Task to carry out: Every record that follows should be output exactly as it is given.

Material for the task:
"""

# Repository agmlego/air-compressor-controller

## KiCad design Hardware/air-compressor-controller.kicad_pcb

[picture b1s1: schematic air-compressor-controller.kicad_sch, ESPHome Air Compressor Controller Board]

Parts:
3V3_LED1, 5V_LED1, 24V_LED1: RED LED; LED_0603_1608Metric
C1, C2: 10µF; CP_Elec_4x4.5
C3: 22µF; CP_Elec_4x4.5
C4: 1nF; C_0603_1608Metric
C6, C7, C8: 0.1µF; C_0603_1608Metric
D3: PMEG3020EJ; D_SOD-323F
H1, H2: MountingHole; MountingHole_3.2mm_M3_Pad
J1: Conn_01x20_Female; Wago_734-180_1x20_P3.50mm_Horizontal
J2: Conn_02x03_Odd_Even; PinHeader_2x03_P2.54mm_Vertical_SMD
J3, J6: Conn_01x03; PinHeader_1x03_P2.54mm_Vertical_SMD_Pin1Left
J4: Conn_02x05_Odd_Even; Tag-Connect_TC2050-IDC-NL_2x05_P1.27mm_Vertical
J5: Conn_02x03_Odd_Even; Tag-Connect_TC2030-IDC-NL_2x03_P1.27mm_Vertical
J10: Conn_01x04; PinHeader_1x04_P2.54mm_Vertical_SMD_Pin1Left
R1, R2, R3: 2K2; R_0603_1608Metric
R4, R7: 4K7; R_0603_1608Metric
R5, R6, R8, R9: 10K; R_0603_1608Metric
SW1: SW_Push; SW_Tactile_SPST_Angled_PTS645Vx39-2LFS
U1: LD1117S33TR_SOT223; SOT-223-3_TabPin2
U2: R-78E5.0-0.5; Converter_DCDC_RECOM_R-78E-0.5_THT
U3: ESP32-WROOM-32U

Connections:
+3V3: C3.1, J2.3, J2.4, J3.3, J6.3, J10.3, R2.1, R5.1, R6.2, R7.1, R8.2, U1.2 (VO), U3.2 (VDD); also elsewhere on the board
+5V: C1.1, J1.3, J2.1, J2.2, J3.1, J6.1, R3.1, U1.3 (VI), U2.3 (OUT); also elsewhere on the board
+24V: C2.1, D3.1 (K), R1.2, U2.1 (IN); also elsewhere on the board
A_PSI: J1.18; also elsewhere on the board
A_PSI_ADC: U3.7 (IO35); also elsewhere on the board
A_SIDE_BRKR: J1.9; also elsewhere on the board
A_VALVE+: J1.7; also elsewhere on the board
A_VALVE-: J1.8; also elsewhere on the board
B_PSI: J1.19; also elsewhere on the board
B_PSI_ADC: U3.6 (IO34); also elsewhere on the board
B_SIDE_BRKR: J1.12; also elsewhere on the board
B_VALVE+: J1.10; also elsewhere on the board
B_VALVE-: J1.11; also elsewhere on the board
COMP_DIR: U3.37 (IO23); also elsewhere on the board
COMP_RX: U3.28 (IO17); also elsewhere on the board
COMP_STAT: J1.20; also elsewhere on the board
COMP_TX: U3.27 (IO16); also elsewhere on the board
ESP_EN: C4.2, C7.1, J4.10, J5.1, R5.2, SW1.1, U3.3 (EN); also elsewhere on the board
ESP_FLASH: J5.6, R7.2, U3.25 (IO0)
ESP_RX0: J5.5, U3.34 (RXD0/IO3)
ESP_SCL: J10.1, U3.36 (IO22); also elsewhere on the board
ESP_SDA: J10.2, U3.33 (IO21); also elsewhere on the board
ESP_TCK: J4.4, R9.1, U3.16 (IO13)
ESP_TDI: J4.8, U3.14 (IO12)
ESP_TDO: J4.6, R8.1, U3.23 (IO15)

"""

Your response:
# Repository agmlego/air-compressor-controller

## KiCad design Hardware/air-compressor-controller.kicad_pcb

[picture b1s1: schematic air-compressor-controller.kicad_sch, ESPHome Air Compressor Controller Board]

Parts:
3V3_LED1, 5V_LED1, 24V_LED1: RED LED; LED_0603_1608Metric
C1, C2: 10µF; CP_Elec_4x4.5
C3: 22µF; CP_Elec_4x4.5
C4: 1nF; C_0603_1608Metric
C6, C7, C8: 0.1µF; C_0603_1608Metric
D3: PMEG3020EJ; D_SOD-323F
H1, H2: MountingHole; MountingHole_3.2mm_M3_Pad
J1: Conn_01x20_Female; Wago_734-180_1x20_P3.50mm_Horizontal
J2: Conn_02x03_Odd_Even; PinHeader_2x03_P2.54mm_Vertical_SMD
J3, J6: Conn_01x03; PinHeader_1x03_P2.54mm_Vertical_SMD_Pin1Left
J4: Conn_02x05_Odd_Even; Tag-Connect_TC2050-IDC-NL_2x05_P1.27mm_Vertical
J5: Conn_02x03_Odd_Even; Tag-Connect_TC2030-IDC-NL_2x03_P1.27mm_Vertical
J10: Conn_01x04; PinHeader_1x04_P2.54mm_Vertical_SMD_Pin1Left
R1, R2, R3: 2K2; R_0603_1608Metric
R4, R7: 4K7; R_0603_1608Metric
R5, R6, R8, R9: 10K; R_0603_1608Metric
SW1: SW_Push; SW_Tactile_SPST_Angled_PTS645Vx39-2LFS
U1: LD1117S33TR_SOT223; SOT-223-3_TabPin2
U2: R-78E5.0-0.5; Converter_DCDC_RECOM_R-78E-0.5_THT
U3: ESP32-WROOM-32U

Connections:
+3V3: C3.1, J2.3, J2.4, J3.3, J6.3, J10.3, R2.1, R5.1, R6.2, R7.1, R8.2, U1.2 (VO), U3.2 (VDD); also elsewhere on the board
+5V: C1.1, J1.3, J2.1, J2.2, J3.1, J6.1, R3.1, U1.3 (VI), U2.3 (OUT); also elsewhere on the board
+24V: C2.1, D3.1 (K), R1.2, U2.1 (IN); also elsewhere on the board
A_PSI: J1.18; also elsewhere on the board
A_PSI_ADC: U3.7 (IO35); also elsewhere on the board
A_SIDE_BRKR: J1.9; also elsewhere on the board
A_VALVE+: J1.7; also elsewhere on the board
A_VALVE-: J1.8; also elsewhere on the board
B_PSI: J1.19; also elsewhere on the board
B_PSI_ADC: U3.6 (IO34); also elsewhere on the board
B_SIDE_BRKR: J1.12; also elsewhere on the board
B_VALVE+: J1.10; also elsewhere on the board
B_VALVE-: J1.11; also elsewhere on the board
COMP_DIR: U3.37 (IO23); also elsewhere on the board
COMP_RX: U3.28 (IO17); also elsewhere on the board
COMP_STAT: J1.20; also elsewhere on the board
COMP_TX: U3.27 (IO16); also elsewhere on the board
ESP_EN: C4.2, C7.1, J4.10, J5.1, R5.2, SW1.1, U3.3 (EN); also elsewhere on the board
ESP_FLASH: J5.6, R7.2, U3.25 (IO0)
ESP_RX0: J5.5, U3.34 (RXD0/IO3)
ESP_SCL: J10.1, U3.36 (IO22); also elsewhere on the board
ESP_SDA: J10.2, U3.33 (IO21); also elsewhere on the board
ESP_TCK: J4.4, R9.1, U3.16 (IO13)
ESP_TDI: J4.8, U3.14 (IO12)
ESP_TDO: J4.6, R8.1, U3.23 (IO15)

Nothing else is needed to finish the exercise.